© Gwendal Le Flem

Sur la modalité d’un spectacle d’école, celui de la promotion 10 du Théâtre national de Bretagne, Mohamed El Khatib conçoit une réjouissante performance ancrée dans le réel des jeunes comédiens, autour de la relation à leurs parents.

Le pari était casse-gueule : développer un objet scénique autour d’un patchwork documentaire de courts témoignages prélevés et reformulés par chaque comédien à propos de leur père ou leur mère. Anecdotes drolatiques issues de l’enfance, épisodes de maladresses ou de reproches, questions refoulées ou encore en suspens sur leur sexualité… : autant d’irruptions brutes et directes dans l’intimité de familles dont on ne connaîtra que ces bribes. On en postule l’authenticité, mais c’est le parti pris déterminant d’El Khatib dans toutes ses créations que de brouiller les pistes, de décupler les effets d’immédiateté en incorporant les comédiens eux-mêmes, amenant par exemple ceux du bouleversant « C’est la vie » à évoquer la mort de leurs propres enfants. On pourrait considérer comme un stratagème indécent cette façon d’instrumentaliser l’intimité des autres, mais ce qui se crée dépasse complètement le procédé de sa construction.
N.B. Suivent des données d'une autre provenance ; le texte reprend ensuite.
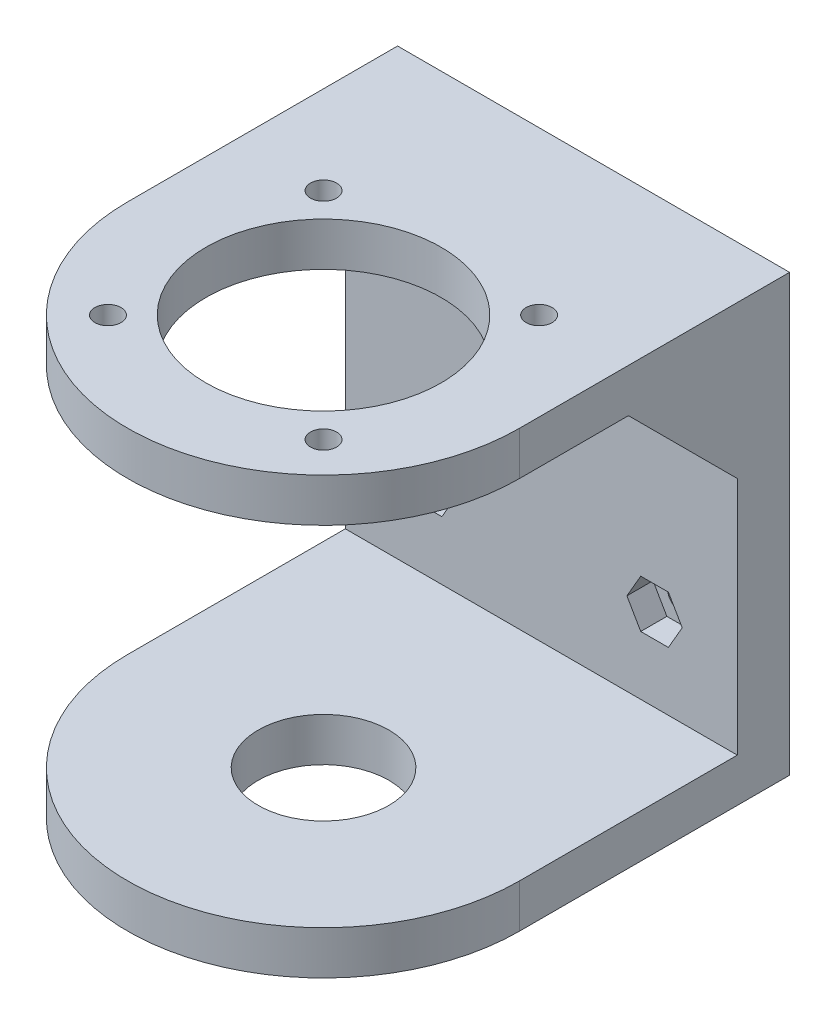
SolidWorks part; units mm, degrees
ref_plane "前视基准面" through (0, 0, 0) normal (0, 0, 1) x (1, 0, 0)
ref_plane "上视基准面" through (0, 0, 0) normal (0, 1, 0) x (1, 0, 0)
ref_plane "右视基准面" through (0, 0, 0) normal (1, 0, 0) x (0, 0, -1)
sketch "草图1" plane through (0, 0, 0) normal (0, 1, 0) x (1, 0, 0)
  line L1 (0, 0) -> (45, 0)
  line L2 (0, 0) -> (0, 47.5)
  line L3 (0, 47.5) -> (45, 47.5)
  line L4 (45, 0) -> (45, 47.5)
  circle A0 centre (22.5, 22.5) radius 13.5
  circle A1 centre (34.875, 34.875) radius 1.5
  circle A2 centre (34.875, 10.125) radius 1.5
  circle A3 centre (10.125, 10.125) radius 1.5
  circle A4 centre (10.125, 34.875) radius 1.5
  arc A6 (0, 22.5) -> (45, 22.5) centre (22.5, 22.5) ccw
  point P18 (22.5, 22.5)
  dimension "D1" = 27
  dimension "D2" = 3
  dimension "D4" = 24.75
  dimension "D5" = 22.5
  dimension "D6" = 22.5
  dimension "D7" = 22.5
  dimension "D8" = 25
  dimension "D9" = 12.375
  dimension "D3" = 4
extrude "凸台-拉伸1" add sketch "草图1" along normal blind 5 contours A6 L4 L3 L2 A4 A3 A2 A1 A0
ref_plane "基准面1" through (0, 5, 0) normal (0, 1, 0) x (1, 0, 0)
sketch "草图2" plane through (0, 5, 0) normal (0, 1, 0) x (1, 0, 0)
  line L1 (0, 47.5) -> (45, 47.5)
  line L2 (0, 47.5) -> (0, 53.5)
  line L3 (0, 53.5) -> (45, 53.5)
  line L4 (45, 47.5) -> (45, 53.5)
  dimension "D1" = 6
extrude "凸台-拉伸2" add sketch "草图2" against normal blind 45
ref_plane "基准面2" through (0, 0, -53.5) normal (0, 0, -1) x (-1, 0, 0)
sketch "草图4" plane through (0, 0, -53.5) normal (0, 0, -1) x (-1, 0, 0)
  line L0 (-45, -17.5) -> (0, -17.5) construction
  line L1 (-45, -40) -> (-45, 5) construction
  line L2 (0, -40) -> (0, 5) construction
  line L3 (-22.5, -17.5) -> (-22.5, 5) construction
  line L4 (24.75, 5) -> (-24.75, 5) construction
  circle A0 centre (-9.5, -4.5) radius 1.5
  circle A1 centre (-9.5, -30.5) radius 1.5
  circle A2 centre (-35.5, -30.5) radius 1.5
  circle A3 centre (-35.5, -4.5) radius 1.5
  point P21 (-22.5, -17.5)
  dimension "D1" = 3
  dimension "D3" = 26
  dimension "D4" = 13
  dimension "D5" = 13
  dimension "D6" = 13
  dimension "D2" = 4
extrude "切除-拉伸1" cut sketch "草图4" against normal up to next
ref_plane "基准面3" through (0, 0, 0) normal (-1, 0, 0) x (0, 0, 1)
sketch "草图5" plane through (0, 0, 0) normal (-1, 0, 0) x (0, 0, 1)
  line L0 (-47.5, 0) -> (-35, 0)
  line L1 (-22.5, 0) -> (-47.5, 0) construction
  line L2 (-35, 0) -> (-47.5, -12.5)
  line L3 (-47.5, -40) -> (-47.5, 0) construction
  line L4 (-47.5, -12.5) -> (-47.5, 0)
  dimension "D1" = 12.5
extrude "凸台-拉伸3" add sketch "草图5" against normal blind 3
ref_plane "基准面4" through (45, 0, 0) normal (1, 0, 0) x (0, 0, -1)
sketch "草图6" plane through (45, 0, 0) normal (1, 0, 0) x (0, 0, -1)
  line L0 (35, 0) -> (47.5, 0)
  line L1 (47.5, 0) -> (47.5, -12.5)
  line L2 (47.5, -12.5) -> (35, 0)
extrude "凸台-拉伸4" add sketch "草图6" against normal blind 3
fillet "圆角1" radius 1 1 edges at (22.5, 0, -47.5)
ref_plane "基准面5" through (0, 0, -47.5) normal (0, 0, 1) x (1, 0, 0)
sketch "草图7" plane through (0, 0, -47.5) normal (0, 0, 1) x (1, 0, 0)
  line L0 (22.5, -1) -> (22.5, -40) construction
  line L7 (3, -1) -> (42, -1) construction
  line L8 (0, -40) -> (45, -40) construction
  line L9 (22.5, -20.5) -> (45, -20.5) construction
  line L10 (45, -17.05) -> (45, 17.05) construction
  line L11 (11.0877, -33.25) -> (7.9123, -33.25)
  line L12 (37.0877, -33.25) -> (38.6754, -30.5)
  line L13 (38.6754, -30.5) -> (37.0877, -27.75)
  line L14 (37.0877, -27.75) -> (33.9123, -27.75)
  line L15 (33.9123, -27.75) -> (32.3246, -30.5)
  line L16 (32.3246, -30.5) -> (33.9123, -33.25)
  line L17 (33.9123, -33.25) -> (37.0877, -33.25)
  line L18 (12.6754, -30.5) -> (11.0877, -33.25)
  line L19 (11.0877, -27.75) -> (12.6754, -30.5)
  line L20 (7.9123, -27.75) -> (11.0877, -27.75)
  line L21 (6.3246, -30.5) -> (7.9123, -27.75)
  line L22 (7.9123, -33.25) -> (6.3246, -30.5)
  line L29 (35.5, -4.5) -> (35.5, -30.5) construction
  line L30 (35.5, -17.5) -> (45, -17.5) construction
  line L31 (33.9123, -1.75) -> (37.0877, -1.75)
  line L32 (32.3246, -4.5) -> (33.9123, -1.75)
  line L33 (33.9123, -7.25) -> (32.3246, -4.5)
  line L34 (37.0877, -7.25) -> (33.9123, -7.25)
  line L35 (38.6754, -4.5) -> (37.0877, -7.25)
  line L36 (37.0877, -1.75) -> (38.6754, -4.5)
  line L37 (7.9123, -1.75) -> (6.3246, -4.5)
  line L38 (6.3246, -4.5) -> (7.9123, -7.25)
  line L39 (7.9123, -7.25) -> (11.0877, -7.25)
  line L40 (11.0877, -7.25) -> (12.6754, -4.5)
  line L41 (12.6754, -4.5) -> (11.0877, -1.75)
  line L42 (11.0877, -1.75) -> (7.9123, -1.75)
  circle A0 centre (35.5, -30.5) radius 2.75 construction
  dimension "D1" = 5.5
extrude "切除-拉伸2" cut sketch "草图7" against normal blind 3
ref_plane "基准面6" through (0, -40, 0) normal (0, -1, 0) x (-1, 0, 0)
sketch "草图8" plane through (0, -40, 0) normal (0, -1, 0) x (-1, 0, 0)
  line L3 (-45, 53.5) -> (-45, 22.5)
  line L4 (0, 53.5) -> (-45, 53.5)
  line L5 (0, 22.5) -> (0, 53.5)
  line L6 (-45, 53.5) -> (-45, 22.5)
  line L7 (0, 53.5) -> (-45, 53.5)
  line L8 (0, 22.5) -> (0, 53.5)
  arc A1 (-45, 22.5) -> (0, 22.5) centre (-22.5, 22.5) ccw
  arc A2 (-45, 22.5) -> (0, 22.5) centre (-22.5, 22.5) ccw
  dimension "D1" = 0
extrude "凸台-拉伸5" add sketch "草图8" along normal blind 5
sketch "草图9" plane through (0, -40, 0) normal (0, -1, 0) x (-1, 0, 0)
  circle A0 centre (-22.5, 22.5) radius 7.5
  dimension "D1" = 15
extrude "切除-拉伸3" cut sketch "草图9" along normal up to next

Si le résultat fait théâtre, c’est que le drame qui s’y déroule est d’abord celui de la parole, celle qui est dite et celle qui est tue, et c’est bien autour d’elle que se nouent les points nodaux de toutes les relations familiales. Déclinée ici dans toutes ses dimensions – ritualisée et ancrée dans le quotidien ou surgissant de nulle part, exprimée de vive voix, par messagerie téléphonique ou par Zoom pendant le confinement –, la parole touche juste et nous atteint à l’os parce qu’elle est aussi, à un endroit ou un autre, la nôtre. Les dix vingtenaires du TNB, dont on sent l’enthousiasme dans cette prise de risque ludique, ainsi que leurs parents jouent le jeu de l’exploration psychanalytique et de la représentation sur un plateau des fragments de leurs autoportraits. Au-delà de d’un moment d’expression créative et drolatique, « Mes Parents », par sa simplicité et sa franchise, devient un geste d’échange générationnel, un transmetteur d’ondes empathiques. Ce qui aurait pu être un exercice de style exagéré ou, à l’inverse, tiédasse, réussit la difficile transformation d’un matériau impudique en une création scénique légère et émouvante.